Ontology-Guided Neuro-Symbolic Inference: Grounding Language Models with Mathematical Domain Knowledge

TL;DR

This paper explores how formal mathematical ontologies can improve language models' reasoning by integrating relevant domain knowledge, demonstrating both potential benefits and challenges in high-stakes mathematical tasks.

Contribution

It introduces a neuro-symbolic pipeline using the OpenMath ontology to enhance language models with domain-specific knowledge for mathematical reasoning.

Findings

Ontology-guided context improves model performance with good retrieval quality.

Irrelevant context can negatively impact model accuracy.

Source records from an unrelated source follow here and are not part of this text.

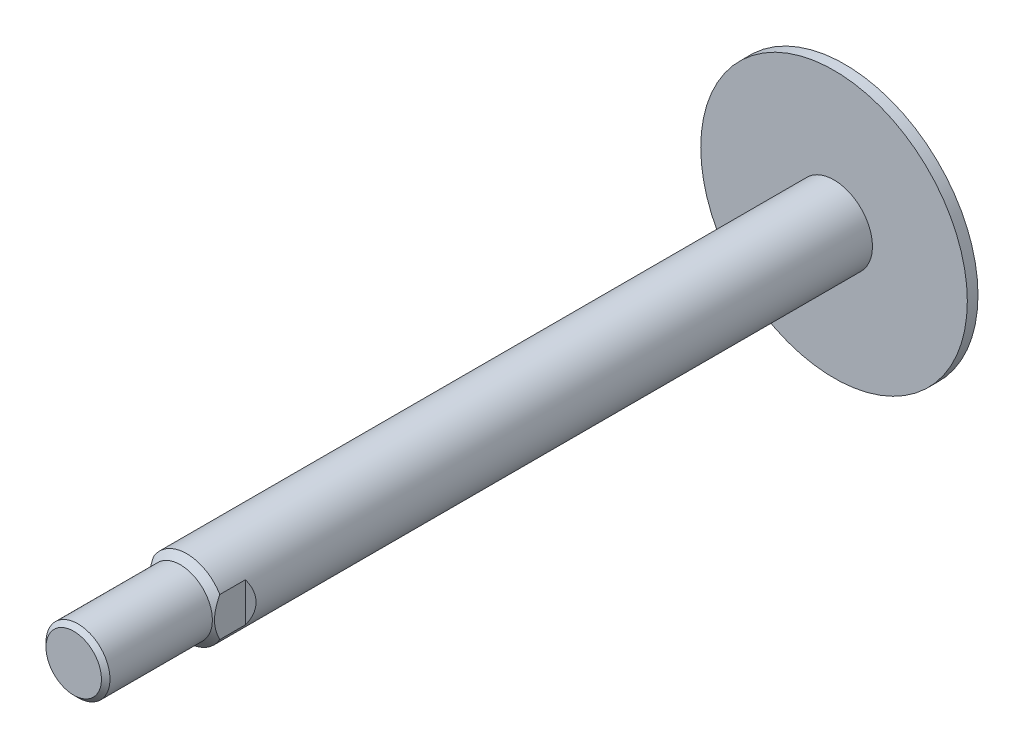
ISO-10303-21;
HEADER;
FILE_DESCRIPTION(('STEP AP214'),'2;1');
FILE_NAME('part.step','',(''),(''),'','','');
FILE_SCHEMA(('AUTOMOTIVE_DESIGN { 1 0 10303 214 1 1 1 1 }'));
ENDSEC;
DATA;
#1=APPLICATION_CONTEXT('core data for automotive mechanical design processes');
#2=APPLICATION_PROTOCOL_DEFINITION('international standard','automotive_design',2000,#1);
#3=PRODUCT_CONTEXT('',#1,'mechanical');
#4=PRODUCT('Part','Part','',(#3));
#5=PRODUCT_RELATED_PRODUCT_CATEGORY('part','',(#4));
#6=PRODUCT_DEFINITION_FORMATION('','',#4);
#7=PRODUCT_DEFINITION_CONTEXT('part definition',#1,'design');
#8=PRODUCT_DEFINITION('design','',#6,#7);
#9=PRODUCT_DEFINITION_SHAPE('','',#8);
#10=(LENGTH_UNIT() NAMED_UNIT(*) SI_UNIT(.MILLI.,.METRE.));
#11=(NAMED_UNIT(*) PLANE_ANGLE_UNIT() SI_UNIT($,.RADIAN.));
#12=(NAMED_UNIT(*) SI_UNIT($,.STERADIAN.) SOLID_ANGLE_UNIT());
#13=UNCERTAINTY_MEASURE_WITH_UNIT(LENGTH_MEASURE(1.E-05),#10,'distance_accuracy_value','');
#14=(GEOMETRIC_REPRESENTATION_CONTEXT(3) GLOBAL_UNCERTAINTY_ASSIGNED_CONTEXT((#13)) GLOBAL_UNIT_ASSIGNED_CONTEXT((#10,
#11,#12)) REPRESENTATION_CONTEXT('',''));
#15=CARTESIAN_POINT('',(0.,0.,0.));
#16=DIRECTION('',(0.,0.,1.));
#17=DIRECTION('',(1.,0.,0.));
#18=AXIS2_PLACEMENT_3D('',#15,#16,#17);
#19=CARTESIAN_POINT('',(0.,0.,361.5));
#20=DIRECTION('',(0.,0.,-1.));
#21=DIRECTION('',(-1.,0.,0.));
#22=AXIS2_PLACEMENT_3D('',#19,#20,#21);
#23=CYLINDRICAL_SURFACE('',#22,18.);
#24=DIRECTION('',(0.,0.,-1.));
#25=VECTOR('',#24,1.);
#26=CARTESIAN_POINT('',(-15.5,-9.15150260886164,361.5));
#27=LINE('',#26,#25);
#28=CARTESIAN_POINT('',(-15.5,-9.15150260886162,308.5));
#29=VERTEX_POINT('',#28);
#30=CARTESIAN_POINT('',(-15.5,-9.15150260886163,296.5));
#31=VERTEX_POINT('',#30);
#32=EDGE_CURVE('E48',#29,#31,#27,.T.);
#33=ORIENTED_EDGE('',*,*,#32,.T.);
#34=CARTESIAN_POINT('',(0.,0.,312.));
#35=DIRECTION('',(0.707106781186545,0.,-0.70710678118655));
#36=DIRECTION('',(-0.70710678118655,0.,-0.707106781186545));
#37=AXIS2_PLACEMENT_3D('',#34,#35,#36);
#38=ELLIPSE('',#37,25.4558441227156,18.);
#39=CARTESIAN_POINT('',(-15.5,9.15150260886163,296.5));
#40=VERTEX_POINT('',#39);
#41=EDGE_CURVE('E11',#31,#40,#38,.T.);
#42=ORIENTED_EDGE('',*,*,#41,.T.);
#43=DIRECTION('',(0.,0.,-1.));
#44=VECTOR('',#43,1.);
#45=CARTESIAN_POINT('',(-15.5,9.15150260886164,361.5));
#46=LINE('',#45,#44);
#47=CARTESIAN_POINT('',(-15.5,9.15150260886162,308.5));
#48=VERTEX_POINT('',#47);
#49=EDGE_CURVE('E79',#40,#48,#46,.F.);
#50=ORIENTED_EDGE('',*,*,#49,.T.);
#51=CARTESIAN_POINT('',(0.,0.,308.5));
#52=DIRECTION('',(0.,0.,-1.));
#53=DIRECTION('',(-1.,0.,0.));
#54=AXIS2_PLACEMENT_3D('',#51,#52,#53);
#55=CIRCLE('',#54,18.);
#56=CARTESIAN_POINT('',(15.5,9.15150260886149,308.5));
#57=VERTEX_POINT('',#56);
#58=EDGE_CURVE('E56',#48,#57,#55,.T.);
#59=ORIENTED_EDGE('',*,*,#58,.T.);
#60=DIRECTION('',(0.,0.,-1.));
#61=VECTOR('',#60,1.);
#62=CARTESIAN_POINT('',(15.5,9.15150260886148,361.5));
#63=LINE('',#62,#61);
#64=CARTESIAN_POINT('',(15.5,9.1515026088615,296.5));
#65=VERTEX_POINT('',#64);
#66=EDGE_CURVE('E94',#57,#65,#63,.T.);
#67=ORIENTED_EDGE('',*,*,#66,.T.);
#68=CARTESIAN_POINT('',(0.,0.,312.));
#69=DIRECTION('',(-0.707106781186546,0.,-0.707106781186549));
#70=DIRECTION('',(0.707106781186549,0.,-0.707106781186546));
#71=AXIS2_PLACEMENT_3D('',#68,#69,#70);
#72=ELLIPSE('',#71,25.4558441227156,18.);
#73=CARTESIAN_POINT('',(15.5,-9.1515026088615,296.5));
#74=VERTEX_POINT('',#73);
#75=EDGE_CURVE('E124',#65,#74,#72,.T.);
#76=ORIENTED_EDGE('',*,*,#75,.T.);
#77=DIRECTION('',(0.,0.,-1.));
#78=VECTOR('',#77,1.);
#79=CARTESIAN_POINT('',(15.5,-9.15150260886148,361.5));
#80=LINE('',#79,#78);
#81=CARTESIAN_POINT('',(15.5,-9.15150260886149,308.5));
#82=VERTEX_POINT('',#81);
#83=EDGE_CURVE('E89',#74,#82,#80,.F.);
#84=ORIENTED_EDGE('',*,*,#83,.T.);
#85=EDGE_CURVE('E85',#82,#29,#55,.T.);
#86=ORIENTED_EDGE('',*,*,#85,.T.);
#87=EDGE_LOOP('',(#33,#42,#50,#59,#67,#76,#84,#86));
#88=FACE_BOUND('',#87,.T.);
#89=CARTESIAN_POINT('',(0.,0.,5.));
#90=DIRECTION('',(0.,0.,-1.));
#91=DIRECTION('',(-1.,0.,0.));
#92=AXIS2_PLACEMENT_3D('',#89,#90,#91);
#93=CIRCLE('',#92,18.);
#94=CARTESIAN_POINT('',(-18.,0.,5.));
#95=VERTEX_POINT('',#94);
#96=EDGE_CURVE('E110',#95,#95,#93,.T.);
#97=ORIENTED_EDGE('',*,*,#96,.F.);
#98=EDGE_LOOP('',(#97));
#99=FACE_BOUND('',#98,.T.);
#100=ADVANCED_FACE('F34',(#88,#99),#23,.T.);
#101=CARTESIAN_POINT('',(0.,0.,5.));
#102=DIRECTION('',(0.,0.,-1.));
#103=DIRECTION('',(-1.,0.,0.));
#104=AXIS2_PLACEMENT_3D('',#101,#102,#103);
#105=CYLINDRICAL_SURFACE('',#104,62.5);
#106=CARTESIAN_POINT('',(0.,0.,5.));
#107=DIRECTION('',(0.,0.,-1.));
#108=DIRECTION('',(-1.,0.,0.));
#109=AXIS2_PLACEMENT_3D('',#106,#107,#108);
#110=CIRCLE('',#109,62.5);
#111=CARTESIAN_POINT('',(-62.5,0.,5.));
#112=VERTEX_POINT('',#111);
#113=EDGE_CURVE('E107',#112,#112,#110,.T.);
#114=ORIENTED_EDGE('',*,*,#113,.T.);
#115=EDGE_LOOP('',(#114));
#116=FACE_BOUND('',#115,.T.);
#117=CARTESIAN_POINT('',(0.,0.,0.));
#118=DIRECTION('',(0.,0.,-1.));
#119=DIRECTION('',(-1.,0.,0.));
#120=AXIS2_PLACEMENT_3D('',#117,#118,#119);
#121=CIRCLE('',#120,62.5);
#122=CARTESIAN_POINT('',(-62.5,0.,0.));
#123=VERTEX_POINT('',#122);
#124=EDGE_CURVE('E106',#123,#123,#121,.T.);
#125=ORIENTED_EDGE('',*,*,#124,.F.);
#126=EDGE_LOOP('',(#125));
#127=FACE_BOUND('',#126,.T.);
#128=ADVANCED_FACE('F146',(#116,#127),#105,.T.);
#129=CARTESIAN_POINT('',(0.,0.,5.));
#130=DIRECTION('',(0.,0.,-1.));
#131=DIRECTION('',(-1.,0.,0.));
#132=AXIS2_PLACEMENT_3D('',#129,#130,#131);
#133=PLANE('',#132);
#134=ORIENTED_EDGE('',*,*,#96,.T.);
#135=EDGE_LOOP('',(#134));
#136=FACE_BOUND('',#135,.T.);
#137=ORIENTED_EDGE('',*,*,#113,.F.);
#138=EDGE_LOOP('',(#137));
#139=FACE_BOUND('',#138,.T.);
#140=ADVANCED_FACE('F150',(#136,#139),#133,.F.);
#141=CARTESIAN_POINT('',(0.,0.,0.));
#142=DIRECTION('',(0.,0.,1.));
#143=DIRECTION('',(1.,0.,0.));
#144=AXIS2_PLACEMENT_3D('',#141,#142,#143);
#145=PLANE('',#144);
#146=ORIENTED_EDGE('',*,*,#124,.T.);
#147=EDGE_LOOP('',(#146));
#148=FACE_BOUND('',#147,.T.);
#149=ADVANCED_FACE('F156',(#148),#145,.F.);
#150=CARTESIAN_POINT('',(0.,0.,361.5));
#151=DIRECTION('',(0.,0.,-1.));
#152=DIRECTION('',(-1.,0.,0.));
#153=AXIS2_PLACEMENT_3D('',#150,#151,#152);
#154=CONICAL_SURFACE('',#153,12.9999999999999,0.785398163397458);
#155=CARTESIAN_POINT('',(0.,0.,359.5));
#156=DIRECTION('',(0.,0.,-1.));
#157=DIRECTION('',(-1.,0.,0.));
#158=AXIS2_PLACEMENT_3D('',#155,#156,#157);
#159=CIRCLE('',#158,15.);
#160=CARTESIAN_POINT('',(-15.,0.,359.5));
#161=VERTEX_POINT('',#160);
#162=EDGE_CURVE('E100',#161,#161,#159,.T.);
#163=ORIENTED_EDGE('',*,*,#162,.F.);
#164=EDGE_LOOP('',(#163));
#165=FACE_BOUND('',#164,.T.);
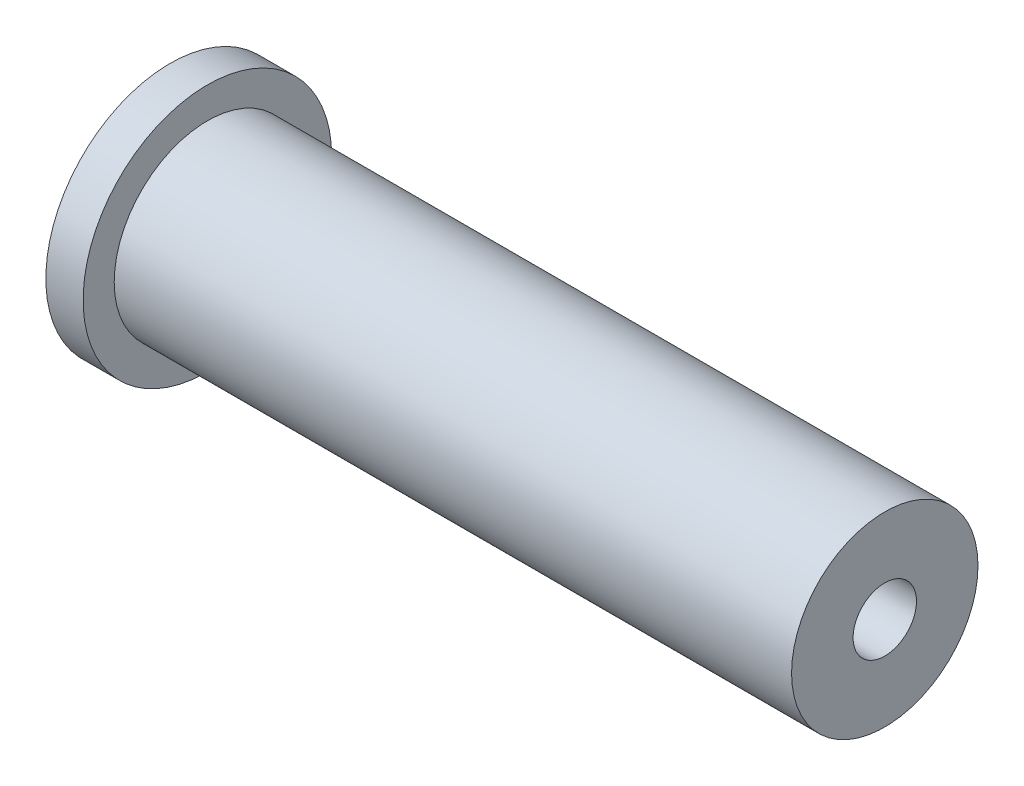
ISO-10303-21;
HEADER;
FILE_DESCRIPTION(('STEP AP214'),'2;1');
FILE_NAME('part.step','',(''),(''),'','','');
FILE_SCHEMA(('AUTOMOTIVE_DESIGN { 1 0 10303 214 1 1 1 1 }'));
ENDSEC;
DATA;
#1=APPLICATION_CONTEXT('core data for automotive mechanical design processes');
#2=APPLICATION_PROTOCOL_DEFINITION('international standard','automotive_design',2000,#1);
#3=PRODUCT_CONTEXT('',#1,'mechanical');
#4=PRODUCT('Part','Part','',(#3));
#5=PRODUCT_RELATED_PRODUCT_CATEGORY('part','',(#4));
#6=PRODUCT_DEFINITION_FORMATION('','',#4);
#7=PRODUCT_DEFINITION_CONTEXT('part definition',#1,'design');
#8=PRODUCT_DEFINITION('design','',#6,#7);
#9=PRODUCT_DEFINITION_SHAPE('','',#8);
#10=(LENGTH_UNIT() NAMED_UNIT(*) SI_UNIT(.MILLI.,.METRE.));
#11=(NAMED_UNIT(*) PLANE_ANGLE_UNIT() SI_UNIT($,.RADIAN.));
#12=(NAMED_UNIT(*) SI_UNIT($,.STERADIAN.) SOLID_ANGLE_UNIT());
#13=UNCERTAINTY_MEASURE_WITH_UNIT(LENGTH_MEASURE(1.E-05),#10,'distance_accuracy_value','');
#14=(GEOMETRIC_REPRESENTATION_CONTEXT(3) GLOBAL_UNCERTAINTY_ASSIGNED_CONTEXT((#13)) GLOBAL_UNIT_ASSIGNED_CONTEXT((#10,
#11,#12)) REPRESENTATION_CONTEXT('',''));
#15=CARTESIAN_POINT('',(0.,0.,0.));
#16=DIRECTION('',(0.,0.,1.));
#17=DIRECTION('',(1.,0.,0.));
#18=AXIS2_PLACEMENT_3D('',#15,#16,#17);
#19=CARTESIAN_POINT('',(0.,0.,0.));
#20=DIRECTION('',(-1.,0.,0.));
#21=DIRECTION('',(0.,0.,1.));
#22=AXIS2_PLACEMENT_3D('',#19,#20,#21);
#23=PLANE('',#22);
#24=CARTESIAN_POINT('',(0.,0.,0.));
#25=DIRECTION('',(1.,0.,0.));
#26=DIRECTION('',(0.,0.,-1.));
#27=AXIS2_PLACEMENT_3D('',#24,#25,#26);
#28=CIRCLE('',#27,10.);
#29=CARTESIAN_POINT('',(0.,0.,-10.));
#30=VERTEX_POINT('',#29);
#31=EDGE_CURVE('E10',#30,#30,#28,.T.);
#32=ORIENTED_EDGE('',*,*,#31,.F.);
#33=EDGE_LOOP('',(#32));
#34=FACE_BOUND('',#33,.T.);
#35=ADVANCED_FACE('F37',(#34),#23,.T.);
#36=CARTESIAN_POINT('',(0.,0.,0.));
#37=DIRECTION('',(1.,0.,0.));
#38=DIRECTION('',(0.,0.,-1.));
#39=AXIS2_PLACEMENT_3D('',#36,#37,#38);
#40=CYLINDRICAL_SURFACE('',#39,10.);
#41=ORIENTED_EDGE('',*,*,#31,.T.);
#42=EDGE_LOOP('',(#41));
#43=FACE_BOUND('',#42,.T.);
#44=CARTESIAN_POINT('',(3.,0.,0.));
#45=DIRECTION('',(1.,0.,0.));
#46=DIRECTION('',(0.,0.,-1.));
#47=AXIS2_PLACEMENT_3D('',#44,#45,#46);
#48=CIRCLE('',#47,10.);
#49=CARTESIAN_POINT('',(3.,0.,-10.));
#50=VERTEX_POINT('',#49);
#51=EDGE_CURVE('E43',#50,#50,#48,.T.);
#52=ORIENTED_EDGE('',*,*,#51,.F.);
#53=EDGE_LOOP('',(#52));
#54=FACE_BOUND('',#53,.T.);
#55=ADVANCED_FACE('F85',(#43,#54),#40,.T.);
#56=CARTESIAN_POINT('',(3.,10.,0.));
#57=DIRECTION('',(1.,0.,0.));
#58=DIRECTION('',(0.,0.,-1.));
#59=AXIS2_PLACEMENT_3D('',#56,#57,#58);
#60=PLANE('',#59);
#61=ORIENTED_EDGE('',*,*,#51,.T.);
#62=EDGE_LOOP('',(#61));
#63=FACE_BOUND('',#62,.T.);
#64=CARTESIAN_POINT('',(3.,0.,0.));
#65=DIRECTION('',(1.,0.,0.));
#66=DIRECTION('',(0.,0.,-1.));
#67=AXIS2_PLACEMENT_3D('',#64,#65,#66);
#68=CIRCLE('',#67,7.5);
#69=CARTESIAN_POINT('',(3.,0.,-7.5));
#70=VERTEX_POINT('',#69);
#71=EDGE_CURVE('E47',#70,#70,#68,.T.);
#72=ORIENTED_EDGE('',*,*,#71,.F.);
#73=EDGE_LOOP('',(#72));
#74=FACE_BOUND('',#73,.T.);
#75=ADVANCED_FACE('F79',(#63,#74),#60,.T.);
#76=CARTESIAN_POINT('',(0.,0.,0.));
#77=DIRECTION('',(1.,0.,0.));
#78=DIRECTION('',(0.,0.,-1.));
#79=AXIS2_PLACEMENT_3D('',#76,#77,#78);
#80=CYLINDRICAL_SURFACE('',#79,7.5);
#81=ORIENTED_EDGE('',*,*,#71,.T.);
#82=EDGE_LOOP('',(#81));
#83=FACE_BOUND('',#82,.T.);
#84=CARTESIAN_POINT('',(57.5,0.,0.));
#85=DIRECTION('',(1.,0.,0.));
#86=DIRECTION('',(0.,0.,-1.));
#87=AXIS2_PLACEMENT_3D('',#84,#85,#86);
#88=CIRCLE('',#87,7.5);
#89=CARTESIAN_POINT('',(57.5,0.,-7.5));
#90=VERTEX_POINT('',#89);
#91=EDGE_CURVE('E51',#90,#90,#88,.T.);
#92=ORIENTED_EDGE('',*,*,#91,.F.);
#93=EDGE_LOOP('',(#92));
#94=FACE_BOUND('',#93,.T.);
#95=ADVANCED_FACE('F74',(#83,#94),#80,.T.);
#96=CARTESIAN_POINT('',(57.5,7.5,0.));
#97=DIRECTION('',(1.,0.,0.));
#98=DIRECTION('',(0.,0.,-1.));
#99=AXIS2_PLACEMENT_3D('',#96,#97,#98);
#100=PLANE('',#99);
#101=CARTESIAN_POINT('',(57.5,0.,0.));
#102=DIRECTION('',(1.,0.,0.));
#103=DIRECTION('',(0.,0.,-1.));
#104=AXIS2_PLACEMENT_3D('',#101,#102,#103);
#105=CIRCLE('',#104,2.55);
#106=CARTESIAN_POINT('',(57.5,0.,-2.55));
#107=VERTEX_POINT('',#106);
#108=EDGE_CURVE('E57',#107,#107,#105,.T.);
#109=ORIENTED_EDGE('',*,*,#108,.F.);
#110=EDGE_LOOP('',(#109));
#111=FACE_BOUND('',#110,.T.);
#112=ORIENTED_EDGE('',*,*,#91,.T.);
#113=EDGE_LOOP('',(#112));
#114=FACE_BOUND('',#113,.T.);
#115=ADVANCED_FACE('F68',(#111,#114),#100,.T.);
#116=CARTESIAN_POINT('',(47.5,0.,0.));
#117=DIRECTION('',(1.,0.,0.));
#118=DIRECTION('',(0.,0.,-1.));
#119=AXIS2_PLACEMENT_3D('',#116,#117,#118);
#120=CYLINDRICAL_SURFACE('',#119,2.55);
#121=CARTESIAN_POINT('',(47.5,0.,0.));
#122=DIRECTION('',(1.,0.,0.));
#123=DIRECTION('',(0.,0.,-1.));
#124=AXIS2_PLACEMENT_3D('',#121,#122,#123);
#125=CIRCLE('',#124,2.55);
#126=CARTESIAN_POINT('',(47.5,0.,-2.55));
#127=VERTEX_POINT('',#126);
#128=EDGE_CURVE('E56',#127,#127,#125,.T.);
#129=ORIENTED_EDGE('',*,*,#128,.F.);
#130=EDGE_LOOP('',(#129));
#131=FACE_BOUND('',#130,.T.);
#132=ORIENTED_EDGE('',*,*,#108,.T.);
#133=EDGE_LOOP('',(#132));
#134=FACE_BOUND('',#133,.T.);
#135=ADVANCED_FACE('F65',(#131,#134),#120,.F.);
#136=CARTESIAN_POINT('',(47.5,0.,0.));
#137=DIRECTION('',(1.,0.,0.));
#138=DIRECTION('',(0.,0.,-1.));
#139=AXIS2_PLACEMENT_3D('',#136,#137,#138);
#140=PLANE('',#139);
#141=ORIENTED_EDGE('',*,*,#128,.T.);
#142=EDGE_LOOP('',(#141));
#143=FACE_BOUND('',#142,.T.);
#144=ADVANCED_FACE('F63',(#143),#140,.T.);
#145=CLOSED_SHELL('',(#35,#55,#75,#95,#115,#135,#144));
#146=MANIFOLD_SOLID_BREP('B2',#145);
#147=ADVANCED_BREP_SHAPE_REPRESENTATION('',(#18,#146),#14);
#148=SHAPE_DEFINITION_REPRESENTATION(#9,#147);
ENDSEC;
END-ISO-10303-21;

Highlights both promise and limitations of neuro-symbolic methods in formal reasoning.

Abstract

Language models exhibit fundamental limitations -- hallucination, brittleness, and lack of formal grounding -- that are particularly problematic in high-stakes specialist fields requiring verifiable reasoning. I investigate whether formal domain ontologies can enhance language model reliability through retrieval-augmented generation. Using mathematics as proof of concept, I implement a neuro-symbolic pipeline leveraging the OpenMath ontology with hybrid retrieval and cross-encoder reranking to inject relevant definitions into model prompts. Evaluation on the MATH benchmark with three open-source models reveals that ontology-guided context improves performance when retrieval quality is high, but irrelevant context actively degrades it -- highlighting both the promise and challenges of neuro-symbolic approaches.